The visualization of term clusters are based on the first 100 words of the first 100 search results per content type. This means that the algorithm would run only within, for example, the first one hundred words of the first one hundred monographs, the first one hundred words of the first one hundred manuscripts, and the first one hundred words of the first one hundred newspaper articles. The size limitations are because the text analysis tools are bandwidth intensive. Searches of larger numbers of documents take longer to return results and also slow down the system for other users. By clicking on the clusters, it is possible to drill down into the search results to the level of individual documents and their metadata.

Legibility of documents

Scholars should have an understanding of the process by which database publishers have transformed documents into digital objects because it affects the accuracy of searches and text analysis. In Gales’ collections, printed materials are OCR’d. For nonprint materials, such as manuscripts, ephemera and photograph captions, the metadata of names, places and dates are entered by hand. By providing improved metadata for nonprint materials, Gale has increased the discoverability of these types of documents. This is particularly important for those studying women and marginalized groups whose records are more likely to be found in ephemeral materials.

Collection descriptions

Understanding the types of materials contained within a proprietary database can be difficult. The Eighteenth Century Collections Online (ECCO) is based on the English Short Title Catalogue from the British Library and is familiar to many scholars of the eighteenth century. The Nineteenth Century Collections Online (NCCO) is a newer grouping of collections that is being continually updated.

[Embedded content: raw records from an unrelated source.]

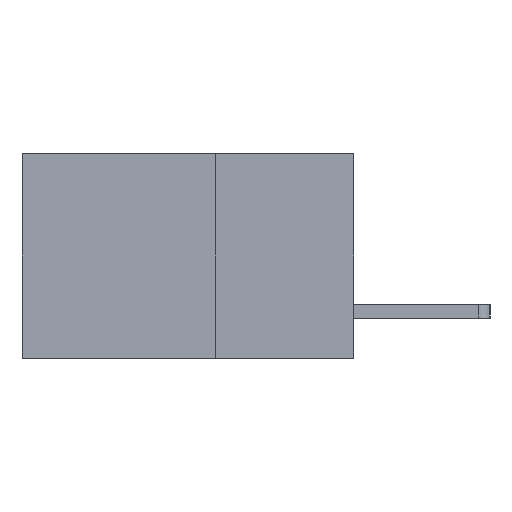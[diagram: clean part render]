
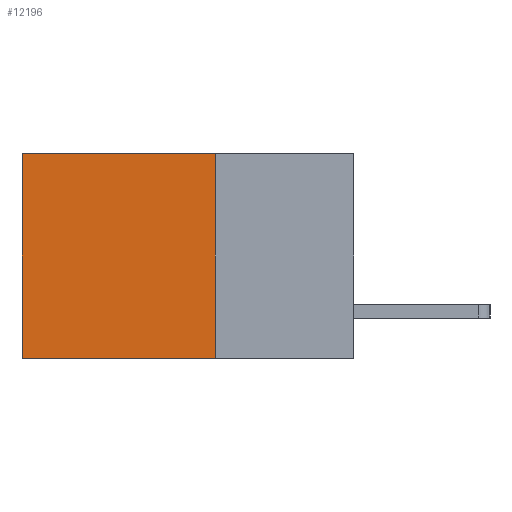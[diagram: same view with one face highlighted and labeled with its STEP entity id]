
A CAD part, left-side view. The second image highlights one B-rep face of the part: STEP entity #12196.
In plain terms, the highlighted planar face has unit normal (-1, 0, 0).
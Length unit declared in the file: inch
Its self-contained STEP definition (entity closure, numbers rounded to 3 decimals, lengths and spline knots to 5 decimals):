
#127 = ORIENTED_EDGE ( 'NONE', *, *, #2581, .F. ) ;
#387 = CARTESIAN_POINT ( 'NONE',  ( 0.2875, 0.6, 0. ) ) ;
#1165 = LINE ( 'NONE', #4193, #12246 ) ;
#2168 = AXIS2_PLACEMENT_3D ( 'NONE', #3294, #3434, #3365 ) ;
#2186 = VERTEX_POINT ( 'NONE', #9189 ) ;
#2581 = EDGE_CURVE ( 'NONE', #7725, #12240, #8681, .T. ) ;
#2651 = ORIENTED_EDGE ( 'NONE', *, *, #8509, .T. ) ;
#2774 = EDGE_LOOP ( 'NONE', ( #2651, #127, #8701, #7095 ) ) ;
#2994 = VECTOR ( 'NONE', #9847, 39.37008 ) ;
#3294 = CARTESIAN_POINT ( 'NONE',  ( 0.2875, 0.25, 0. ) ) ;
#3365 = DIRECTION ( 'NONE',  ( 0., 0., -1. ) ) ;
#3434 = DIRECTION ( 'NONE',  ( 1., 0., 0. ) ) ;
#4111 = VERTEX_POINT ( 'NONE', #8406 ) ;
#4193 = CARTESIAN_POINT ( 'NONE',  ( 0.2875, 0.25, 0. ) ) ;
#4278 = CARTESIAN_POINT ( 'NONE',  ( 0.2875, 0.6, -0.37 ) ) ;
#4713 = EDGE_CURVE ( 'NONE', #4111, #7725, #5025, .T. ) ;
#5008 = VECTOR ( 'NONE', #9486, 39.37008 ) ;
#5025 = LINE ( 'NONE', #10882, #2994 ) ;
#5211 = EDGE_CURVE ( 'NONE', #4111, #2186, #1165, .T. ) ;
#6675 = CARTESIAN_POINT ( 'NONE',  ( 0.2875, 0.25, -0.37 ) ) ;
#7095 = ORIENTED_EDGE ( 'NONE', *, *, #5211, .T. ) ;
#7525 = LINE ( 'NONE', #387, #5008 ) ;
#7725 = VERTEX_POINT ( 'NONE', #10189 ) ;
#7803 = VECTOR ( 'NONE', #12663, 39.37008 ) ;
#8243 = DIRECTION ( 'NONE',  ( 0., 1., 0. ) ) ;
#8406 = CARTESIAN_POINT ( 'NONE',  ( 0.2875, 0.25, 0. ) ) ;
#8509 = EDGE_CURVE ( 'NONE', #2186, #12240, #7525, .T. ) ;
#8681 = LINE ( 'NONE', #6675, #7803 ) ;
#8701 = ORIENTED_EDGE ( 'NONE', *, *, #4713, .F. ) ;
#8999 = PLANE ( 'NONE',  #2168 ) ;
#9189 = CARTESIAN_POINT ( 'NONE',  ( 0.2875, 0.6, 0. ) ) ;
#9486 = DIRECTION ( 'NONE',  ( 0., 0., -1. ) ) ;
#9847 = DIRECTION ( 'NONE',  ( 0., 0., -1. ) ) ;
#10189 = CARTESIAN_POINT ( 'NONE',  ( 0.2875, 0.25, -0.37 ) ) ;
#10882 = CARTESIAN_POINT ( 'NONE',  ( 0.2875, 0.25, 0. ) ) ;
#10933 = FACE_OUTER_BOUND ( 'NONE', #2774, .T. ) ;
#12196 = ADVANCED_FACE ( 'NONE', ( #10933 ), #8999, .F. ) ;
#12240 = VERTEX_POINT ( 'NONE', #4278 ) ;
#12246 = VECTOR ( 'NONE', #8243, 39.37008 ) ;
#12663 = DIRECTION ( 'NONE',  ( 0., 1., 0. ) ) ;

To see a detailed description of the collections in NCCO, go to the NCCO standalone database, not the Artemis platform, and click Explore Collections.

Data for research

Generally, scholars can download PDFs of documents from Artemis only one document at a time (up to 50 pages per download). When I asked about access to large amounts of data for use by digital humanists, the Gale representative said that while their databases are not built to be looked at on a machine level (because of the aforementioned bandwidth issues), Gale is beginning to provide data separately to scholars. They have a pilot program to provide datasets to Davidson College and the British Library, among others. Gale is also looking into setting up a new capability to share data that would be based outside their current system. The impression that I got was that they would be receptive to scholars who are interested in obtaining large amounts of data for research.

Bonus tip: direct (public) link to documents

Even though it doesn’t have anything to do with standards for presenting scholarship, I thought people might want to know about this handy feature. Artemis users have the ability to bookmark search results and save the URL for future reference. The link to the document(s) can then be shared with anyone, even those without logins to the database. To be clear, anyone that clicks on the link is taken directly to the document(s) although they won’t have the capability to extend the search. This makes it easy to share documents with students and through social media.

In this post, I have sought to shed some light on the usually opaque construction of proprietary databases. If people start “playing” with Artemis’ text mining lite capabilities, I would be interested in hearing about their perceptions of its usefulness for research.

Works cited

Jockers, Matthew L. “Theme.” Macroanalysis Digital Methods and Literary History. Urbana: University of Illinois Press. Print.